EXERCISE REQUIREMENTS | Leaving out each picture, transcribe the lines of the listing below exactly from the first through the line that contains "#27=AXIS2_PLACEMENT_3D('',#24,#25,#26);".

= = = =

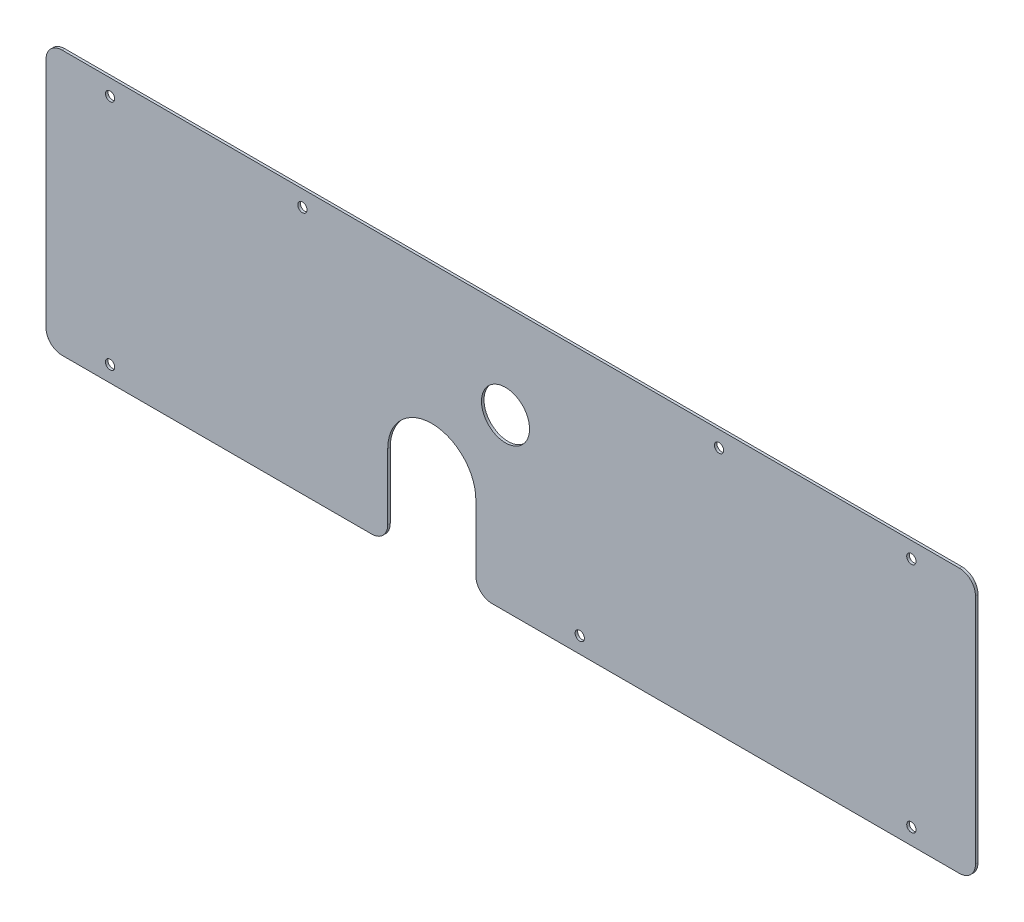
ISO-10303-21;
HEADER;
FILE_DESCRIPTION(('STEP AP214'),'2;1');
FILE_NAME('part.step','',(''),(''),'','','');
FILE_SCHEMA(('AUTOMOTIVE_DESIGN { 1 0 10303 214 1 1 1 1 }'));
ENDSEC;
DATA;
#1=APPLICATION_CONTEXT('core data for automotive mechanical design processes');
#2=APPLICATION_PROTOCOL_DEFINITION('international standard','automotive_design',2000,#1);
#3=PRODUCT_CONTEXT('',#1,'mechanical');
#4=PRODUCT('Part','Part','',(#3));
#5=PRODUCT_RELATED_PRODUCT_CATEGORY('part','',(#4));
#6=PRODUCT_DEFINITION_FORMATION('','',#4);
#7=PRODUCT_DEFINITION_CONTEXT('part definition',#1,'design');
#8=PRODUCT_DEFINITION('design','',#6,#7);
#9=PRODUCT_DEFINITION_SHAPE('','',#8);
#10=(LENGTH_UNIT() NAMED_UNIT(*) SI_UNIT(.MILLI.,.METRE.));
#11=(NAMED_UNIT(*) PLANE_ANGLE_UNIT() SI_UNIT($,.RADIAN.));
#12=(NAMED_UNIT(*) SI_UNIT($,.STERADIAN.) SOLID_ANGLE_UNIT());
#13=UNCERTAINTY_MEASURE_WITH_UNIT(LENGTH_MEASURE(1.E-05),#10,'distance_accuracy_value','');
#14=(GEOMETRIC_REPRESENTATION_CONTEXT(3) GLOBAL_UNCERTAINTY_ASSIGNED_CONTEXT((#13)) GLOBAL_UNIT_ASSIGNED_CONTEXT((#10,
#11,#12)) REPRESENTATION_CONTEXT('',''));
#15=CARTESIAN_POINT('',(0.,0.,0.));
#16=DIRECTION('',(0.,0.,1.));
#17=DIRECTION('',(1.,0.,0.));
#18=AXIS2_PLACEMENT_3D('',#15,#16,#17);
#19=CARTESIAN_POINT('',(-4.22130487143509,-10.7699955492583,1.5875));
#20=DIRECTION('',(0.,0.,1.));
#21=DIRECTION('',(1.,0.,0.));
#22=AXIS2_PLACEMENT_3D('',#19,#20,#21);
#23=PLANE('',#22);
#24=CARTESIAN_POINT('',(-204.957511761531,93.1698044507419,1.5875));
#25=DIRECTION('',(0.,0.,1.));
#26=DIRECTION('',(1.,0.,0.));
#27=AXIS2_PLACEMENT_3D('',#24,#25,#26);
#28=CIRCLE('',#27,2.89999999999999);
#29=CARTESIAN_POINT('',(-202.057511761531,93.1698044507419,1.5875));
#30=VERTEX_POINT('',#29);
#31=EDGE_CURVE('E326',#30,#30,#28,.T.);
#32=ORIENTED_EDGE('',*,*,#31,.F.);
#33=EDGE_LOOP('',(#32));
#34=FACE_BOUND('',#33,.T.);
#35=CARTESIAN_POINT('',(-204.957511761531,-51.8097955492581,1.5875));
#36=DIRECTION('',(0.,0.,1.));
#37=DIRECTION('',(1.,0.,0.));
#38=AXIS2_PLACEMENT_3D('',#35,#36,#37);
#39=CIRCLE('',#38,2.89999999999999);
#40=CARTESIAN_POINT('',(-202.057511761531,-51.8097955492581,1.5875));
#41=VERTEX_POINT('',#40);
#42=EDGE_CURVE('E320',#41,#41,#39,.T.);
#43=ORIENTED_EDGE('',*,*,#42,.F.);
#44=EDGE_LOOP('',(#43));
#45=FACE_BOUND('',#44,.T.);
#46=CARTESIAN_POINT('',(88.1217757354174,-51.8097955492581,1.5875));
#47=DIRECTION('',(0.,0.,1.));
#48=DIRECTION('',(1.,0.,0.));
#49=AXIS2_PLACEMENT_3D('',#46,#47,#48);
#50=CIRCLE('',#49,2.89999999999999);
#51=CARTESIAN_POINT('',(91.0217757354174,-51.8097955492581,1.5875));
#52=VERTEX_POINT('',#51);
#53=EDGE_CURVE('E314',#52,#52,#50,.T.);
#54=ORIENTED_EDGE('',*,*,#53,.F.);
#55=EDGE_LOOP('',(#54));
#56=FACE_BOUND('',#55,.T.);
#57=CARTESIAN_POINT('',(295.042488238469,-51.8097955492581,1.5875));
#58=DIRECTION('',(0.,0.,1.));
#59=DIRECTION('',(1.,0.,0.));
#60=AXIS2_PLACEMENT_3D('',#57,#58,#59);
#61=CIRCLE('',#60,2.90000000000001);
#62=CARTESIAN_POINT('',(297.942488238469,-51.8097955492581,1.5875));
#63=VERTEX_POINT('',#62);
#64=EDGE_CURVE('E308',#63,#63,#61,.T.);
#65=ORIENTED_EDGE('',*,*,#64,.F.);
#66=EDGE_LOOP('',(#65));
#67=FACE_BOUND('',#66,.T.);
#68=CARTESIAN_POINT('',(-84.9575117615307,93.1698044507419,1.5875));
#69=DIRECTION('',(0.,0.,1.));
#70=DIRECTION('',(1.,0.,0.));
#71=AXIS2_PLACEMENT_3D('',#68,#69,#70);
#72=CIRCLE('',#71,2.89999999999999);
#73=CARTESIAN_POINT('',(-82.0575117615307,93.1698044507419,1.5875));
#74=VERTEX_POINT('',#73);
#75=EDGE_CURVE('E302',#74,#74,#72,.T.);
#76=ORIENTED_EDGE('',*,*,#75,.F.);
#77=EDGE_LOOP('',(#76));
#78=FACE_BOUND('',#77,.T.);
#79=CARTESIAN_POINT('',(175.042488238469,93.1698044507419,1.5875));
#80=DIRECTION('',(0.,0.,1.));
#81=DIRECTION('',(1.,0.,0.));
#82=AXIS2_PLACEMENT_3D('',#79,#80,#81);
#83=CIRCLE('',#82,2.89999999999999);
#84=CARTESIAN_POINT('',(177.942488238469,93.1698044507419,1.5875));
#85=VERTEX_POINT('',#84);
#86=EDGE_CURVE('E296',#85,#85,#83,.T.);
#87=ORIENTED_EDGE('',*,*,#86,.F.);
#88=EDGE_LOOP('',(#87));
#89=FACE_BOUND('',#88,.T.);
#90=CARTESIAN_POINT('',(295.042488238469,93.1698044507419,1.5875));
#91=DIRECTION('',(0.,0.,1.));
#92=DIRECTION('',(1.,0.,0.));
#93=AXIS2_PLACEMENT_3D('',#90,#91,#92);
#94=CIRCLE('',#93,2.90000000000001);
#95=CARTESIAN_POINT('',(297.942488238469,93.1698044507419,1.5875));
#96=VERTEX_POINT('',#95);
#97=EDGE_CURVE('E290',#96,#96,#94,.T.);
#98=ORIENTED_EDGE('',*,*,#97,.F.);
#99=EDGE_LOOP('',(#98));
#100=FACE_BOUND('',#99,.T.);
#101=DIRECTION('',(0.,-1.,0.));
#102=VECTOR('',#101,1.);
#103=CARTESIAN_POINT('',(23.2786951285649,-10.7699955492583,1.5875));
#104=LINE('',#103,#102);
#105=CARTESIAN_POINT('',(23.2786951285649,-10.7699955492583,1.5875));
#106=VERTEX_POINT('',#105);
#107=CARTESIAN_POINT('',(23.2786951285649,-51.8097955492581,1.5875));
#108=VERTEX_POINT('',#107);
#109=EDGE_CURVE('E165',#106,#108,#104,.T.);
#110=ORIENTED_EDGE('',*,*,#109,.T.);
#111=CARTESIAN_POINT('',(33.2786951285649,-51.8097955492581,1.5875));
#112=DIRECTION('',(0.,0.,1.));
#113=DIRECTION('',(1.,0.,0.));
#114=AXIS2_PLACEMENT_3D('',#111,#112,#113);
#115=CIRCLE('',#114,10.);
#116=CARTESIAN_POINT('',(33.2786951285649,-61.8097955492581,1.5875));
#117=VERTEX_POINT('',#116);
#118=EDGE_CURVE('E226',#108,#117,#115,.T.);
#119=ORIENTED_EDGE('',*,*,#118,.T.);
#120=DIRECTION('',(1.,0.,0.));
#121=VECTOR('',#120,1.);
#122=CARTESIAN_POINT('',(23.2786951285649,-61.8097955492581,1.5875));
#123=LINE('',#122,#121);
#124=CARTESIAN_POINT('',(325.042488238469,-61.809795549258,1.5875));
#125=VERTEX_POINT('',#124);
#126=EDGE_CURVE('E167',#117,#125,#123,.T.);
#127=ORIENTED_EDGE('',*,*,#126,.T.);
#128=CARTESIAN_POINT('',(325.042488238469,-51.809795549258,1.5875));
#129=DIRECTION('',(0.,0.,1.));
#130=DIRECTION('',(1.,0.,0.));
#131=AXIS2_PLACEMENT_3D('',#128,#129,#130);
#132=CIRCLE('',#131,10.);
#133=CARTESIAN_POINT('',(335.042488238469,-51.809795549258,1.5875));
#134=VERTEX_POINT('',#133);
#135=EDGE_CURVE('E218',#125,#134,#132,.T.);
#136=ORIENTED_EDGE('',*,*,#135,.T.);
#137=DIRECTION('',(0.,1.,0.));
#138=VECTOR('',#137,1.);
#139=CARTESIAN_POINT('',(335.042488238469,103.169804450742,1.5875));
#140=LINE('',#139,#138);
#141=CARTESIAN_POINT('',(335.042488238469,93.1698044507419,1.5875));
#142=VERTEX_POINT('',#141);
#143=EDGE_CURVE('E173',#134,#142,#140,.T.);
#144=ORIENTED_EDGE('',*,*,#143,.T.);
#145=CARTESIAN_POINT('',(325.042488238469,93.1698044507419,1.5875));
#146=DIRECTION('',(0.,0.,1.));
#147=DIRECTION('',(1.,0.,0.));
#148=AXIS2_PLACEMENT_3D('',#145,#146,#147);
#149=CIRCLE('',#148,10.);
#150=CARTESIAN_POINT('',(325.042488238469,103.169804450742,1.5875));
#151=VERTEX_POINT('',#150);
#152=EDGE_CURVE('E59',#142,#151,#149,.T.);
#153=ORIENTED_EDGE('',*,*,#152,.T.);
#154=DIRECTION('',(-1.,0.,0.));
#155=VECTOR('',#154,1.);
#156=CARTESIAN_POINT('',(-244.957511761531,103.169804450742,1.5875));
#157=LINE('',#156,#155);
#158=CARTESIAN_POINT('',(-234.957511761531,103.169804450742,1.5875));
#159=VERTEX_POINT('',#158);
#160=EDGE_CURVE('E175',#151,#159,#157,.T.);
#161=ORIENTED_EDGE('',*,*,#160,.T.);
#162=CARTESIAN_POINT('',(-234.957511761531,93.1698044507419,1.5875));
#163=DIRECTION('',(0.,0.,1.));
#164=DIRECTION('',(1.,0.,0.));
#165=AXIS2_PLACEMENT_3D('',#162,#163,#164);
#166=CIRCLE('',#165,10.);
#167=CARTESIAN_POINT('',(-244.957511761531,93.1698044507419,1.5875));
#168=VERTEX_POINT('',#167);
#169=EDGE_CURVE('E223',#159,#168,#166,.T.);
#170=ORIENTED_EDGE('',*,*,#169,.T.);
#171=DIRECTION('',(0.,-1.,0.));
#172=VECTOR('',#171,1.);
#173=CARTESIAN_POINT('',(-244.957511761531,103.169804450742,1.5875));
#174=LINE('',#173,#172);
#175=CARTESIAN_POINT('',(-244.957511761531,-51.8097955492581,1.5875));
#176=VERTEX_POINT('',#175);
#177=EDGE_CURVE('E198',#168,#176,#174,.T.);
#178=ORIENTED_EDGE('',*,*,#177,.T.);
#179=CARTESIAN_POINT('',(-234.957511761531,-51.8097955492581,1.5875));
#180=DIRECTION('',(0.,0.,1.));
#181=DIRECTION('',(1.,0.,0.));
#182=AXIS2_PLACEMENT_3D('',#179,#180,#181);
#183=CIRCLE('',#182,10.);
#184=CARTESIAN_POINT('',(-234.957511761531,-61.8097955492581,1.5875));
#185=VERTEX_POINT('',#184);
#186=EDGE_CURVE('E221',#176,#185,#183,.T.);
#187=ORIENTED_EDGE('',*,*,#186,.T.);
#188=DIRECTION('',(1.,0.,0.));
#189=VECTOR('',#188,1.);
#190=CARTESIAN_POINT('',(-244.957511761531,-61.8097955492581,1.5875));
#191=LINE('',#190,#189);
#192=CARTESIAN_POINT('',(-41.7213048714351,-61.8097955492581,1.5875));
#193=VERTEX_POINT('',#192);
#194=EDGE_CURVE('E150',#185,#193,#191,.T.);
#195=ORIENTED_EDGE('',*,*,#194,.T.);
#196=CARTESIAN_POINT('',(-41.7213048714351,-51.8097955492581,1.5875));
#197=DIRECTION('',(0.,0.,1.));
#198=DIRECTION('',(1.,0.,0.));
#199=AXIS2_PLACEMENT_3D('',#196,#197,#198);
#200=CIRCLE('',#199,10.);
#201=CARTESIAN_POINT('',(-31.7213048714351,-51.8097955492581,1.5875));
#202=VERTEX_POINT('',#201);
#203=EDGE_CURVE('E146',#193,#202,#200,.T.);
#204=ORIENTED_EDGE('',*,*,#203,.T.);
#205=DIRECTION('',(0.,1.,0.));
#206=VECTOR('',#205,1.);
#207=CARTESIAN_POINT('',(-31.7213048714351,-10.7699955492583,1.5875));
#208=LINE('',#207,#206);
#209=CARTESIAN_POINT('',(-31.7213048714351,-10.7699955492583,1.5875));
#210=VERTEX_POINT('',#209);
#211=EDGE_CURVE('E137',#202,#210,#208,.T.);
#212=ORIENTED_EDGE('',*,*,#211,.T.);
#213=CARTESIAN_POINT('',(-4.22130487143509,-10.7699955492583,1.5875));
#214=DIRECTION('',(0.,0.,-1.));
#215=DIRECTION('',(1.,0.,0.));
#216=AXIS2_PLACEMENT_3D('',#213,#214,#215);
#217=CIRCLE('',#216,27.5);
#218=EDGE_CURVE('E142',#210,#106,#217,.T.);
#219=ORIENTED_EDGE('',*,*,#218,.T.);
#220=EDGE_LOOP('',(#110,#119,#127,#136,#144,#153,#161,#170,#178,#187,#195,#204,#212,#219));
#221=FACE_BOUND('',#220,.T.);
#222=CARTESIAN_POINT('',(41.7786951285649,44.2300044507417,1.5875));
#223=DIRECTION('',(0.,0.,1.));
#224=DIRECTION('',(1.,0.,0.));
#225=AXIS2_PLACEMENT_3D('',#222,#223,#224);
#226=CIRCLE('',#225,15.);
#227=CARTESIAN_POINT('',(56.7786951285649,44.2300044507417,1.5875));
#228=VERTEX_POINT('',#227);
#229=EDGE_CURVE('E181',#228,#228,#226,.T.);
#230=ORIENTED_EDGE('',*,*,#229,.F.);
#231=EDGE_LOOP('',(#230));
#232=FACE_BOUND('',#231,.T.);
#233=ADVANCED_FACE('F37',(#34,#45,#56,#67,#78,#89,#100,#221,#232),#23,.T.);
#234=CARTESIAN_POINT('',(-4.22130487143509,-10.7699955492583,0.));
#235=DIRECTION('',(0.,0.,1.));
#236=DIRECTION('',(1.,0.,0.));
#237=AXIS2_PLACEMENT_3D('',#234,#235,#236);
#238=PLANE('',#237);
#239=CARTESIAN_POINT('',(-204.957511761531,93.1698044507419,0.));
#240=DIRECTION('',(0.,0.,1.));
#241=DIRECTION('',(1.,0.,0.));
#242=AXIS2_PLACEMENT_3D('',#239,#240,#241);
#243=CIRCLE('',#242,2.89999999999999);
#244=CARTESIAN_POINT('',(-202.057511761531,93.1698044507419,0.));
#245=VERTEX_POINT('',#244);
#246=EDGE_CURVE('E323',#245,#245,#243,.T.);
#247=ORIENTED_EDGE('',*,*,#246,.T.);
#248=EDGE_LOOP('',(#247));
#249=FACE_BOUND('',#248,.T.);
#250=CARTESIAN_POINT('',(-204.957511761531,-51.8097955492581,0.));
#251=DIRECTION('',(0.,0.,1.));
#252=DIRECTION('',(1.,0.,0.));
#253=AXIS2_PLACEMENT_3D('',#250,#251,#252);
#254=CIRCLE('',#253,2.89999999999999);
#255=CARTESIAN_POINT('',(-202.057511761531,-51.8097955492581,0.));
#256=VERTEX_POINT('',#255);
#257=EDGE_CURVE('E317',#256,#256,#254,.T.);
#258=ORIENTED_EDGE('',*,*,#257,.T.);
#259=EDGE_LOOP('',(#258));
#260=FACE_BOUND('',#259,.T.);
#261=CARTESIAN_POINT('',(88.1217757354174,-51.8097955492581,0.));
#262=DIRECTION('',(0.,0.,1.));
#263=DIRECTION('',(1.,0.,0.));
#264=AXIS2_PLACEMENT_3D('',#261,#262,#263);
#265=CIRCLE('',#264,2.9);
#266=CARTESIAN_POINT('',(91.0217757354174,-51.8097955492581,0.));
#267=VERTEX_POINT('',#266);
#268=EDGE_CURVE('E311',#267,#267,#265,.T.);
#269=ORIENTED_EDGE('',*,*,#268,.T.);
#270=EDGE_LOOP('',(#269));
#271=FACE_BOUND('',#270,.T.);
#272=CARTESIAN_POINT('',(295.042488238469,-51.8097955492581,0.));
#273=DIRECTION('',(0.,0.,1.));
#274=DIRECTION('',(1.,0.,0.));
#275=AXIS2_PLACEMENT_3D('',#272,#273,#274);
#276=CIRCLE('',#275,2.90000000000001);
#277=CARTESIAN_POINT('',(297.942488238469,-51.8097955492581,0.));
#278=VERTEX_POINT('',#277);
#279=EDGE_CURVE('E305',#278,#278,#276,.T.);
#280=ORIENTED_EDGE('',*,*,#279,.T.);
#281=EDGE_LOOP('',(#280));
#282=FACE_BOUND('',#281,.T.);
#283=CARTESIAN_POINT('',(-84.9575117615307,93.1698044507419,0.));
#284=DIRECTION('',(0.,0.,1.));
#285=DIRECTION('',(1.,0.,0.));
#286=AXIS2_PLACEMENT_3D('',#283,#284,#285);
#287=CIRCLE('',#286,2.9);
#288=CARTESIAN_POINT('',(-82.0575117615307,93.1698044507419,0.));
#289=VERTEX_POINT('',#288);
#290=EDGE_CURVE('E299',#289,#289,#287,.T.);
#291=ORIENTED_EDGE('',*,*,#290,.T.);
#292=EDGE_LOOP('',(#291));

= = = =

OUTPUT FOR THIS EXERCISE |
ISO-10303-21;
HEADER;
FILE_DESCRIPTION(('STEP AP214'),'2;1');
FILE_NAME('part.step','',(''),(''),'','','');
FILE_SCHEMA(('AUTOMOTIVE_DESIGN { 1 0 10303 214 1 1 1 1 }'));
ENDSEC;
DATA;
#1=APPLICATION_CONTEXT('core data for automotive mechanical design processes');
#2=APPLICATION_PROTOCOL_DEFINITION('international standard','automotive_design',2000,#1);
#3=PRODUCT_CONTEXT('',#1,'mechanical');
#4=PRODUCT('Part','Part','',(#3));
#5=PRODUCT_RELATED_PRODUCT_CATEGORY('part','',(#4));
#6=PRODUCT_DEFINITION_FORMATION('','',#4);
#7=PRODUCT_DEFINITION_CONTEXT('part definition',#1,'design');
#8=PRODUCT_DEFINITION('design','',#6,#7);
#9=PRODUCT_DEFINITION_SHAPE('','',#8);
#10=(LENGTH_UNIT() NAMED_UNIT(*) SI_UNIT(.MILLI.,.METRE.));
#11=(NAMED_UNIT(*) PLANE_ANGLE_UNIT() SI_UNIT($,.RADIAN.));
#12=(NAMED_UNIT(*) SI_UNIT($,.STERADIAN.) SOLID_ANGLE_UNIT());
#13=UNCERTAINTY_MEASURE_WITH_UNIT(LENGTH_MEASURE(1.E-05),#10,'distance_accuracy_value','');
#14=(GEOMETRIC_REPRESENTATION_CONTEXT(3) GLOBAL_UNCERTAINTY_ASSIGNED_CONTEXT((#13)) GLOBAL_UNIT_ASSIGNED_CONTEXT((#10,
#11,#12)) REPRESENTATION_CONTEXT('',''));
#15=CARTESIAN_POINT('',(0.,0.,0.));
#16=DIRECTION('',(0.,0.,1.));
#17=DIRECTION('',(1.,0.,0.));
#18=AXIS2_PLACEMENT_3D('',#15,#16,#17);
#19=CARTESIAN_POINT('',(-4.22130487143509,-10.7699955492583,1.5875));
#20=DIRECTION('',(0.,0.,1.));
#21=DIRECTION('',(1.,0.,0.));
#22=AXIS2_PLACEMENT_3D('',#19,#20,#21);
#23=PLANE('',#22);
#24=CARTESIAN_POINT('',(-204.957511761531,93.1698044507419,1.5875));
#25=DIRECTION('',(0.,0.,1.));
#26=DIRECTION('',(1.,0.,0.));
#27=AXIS2_PLACEMENT_3D('',#24,#25,#26);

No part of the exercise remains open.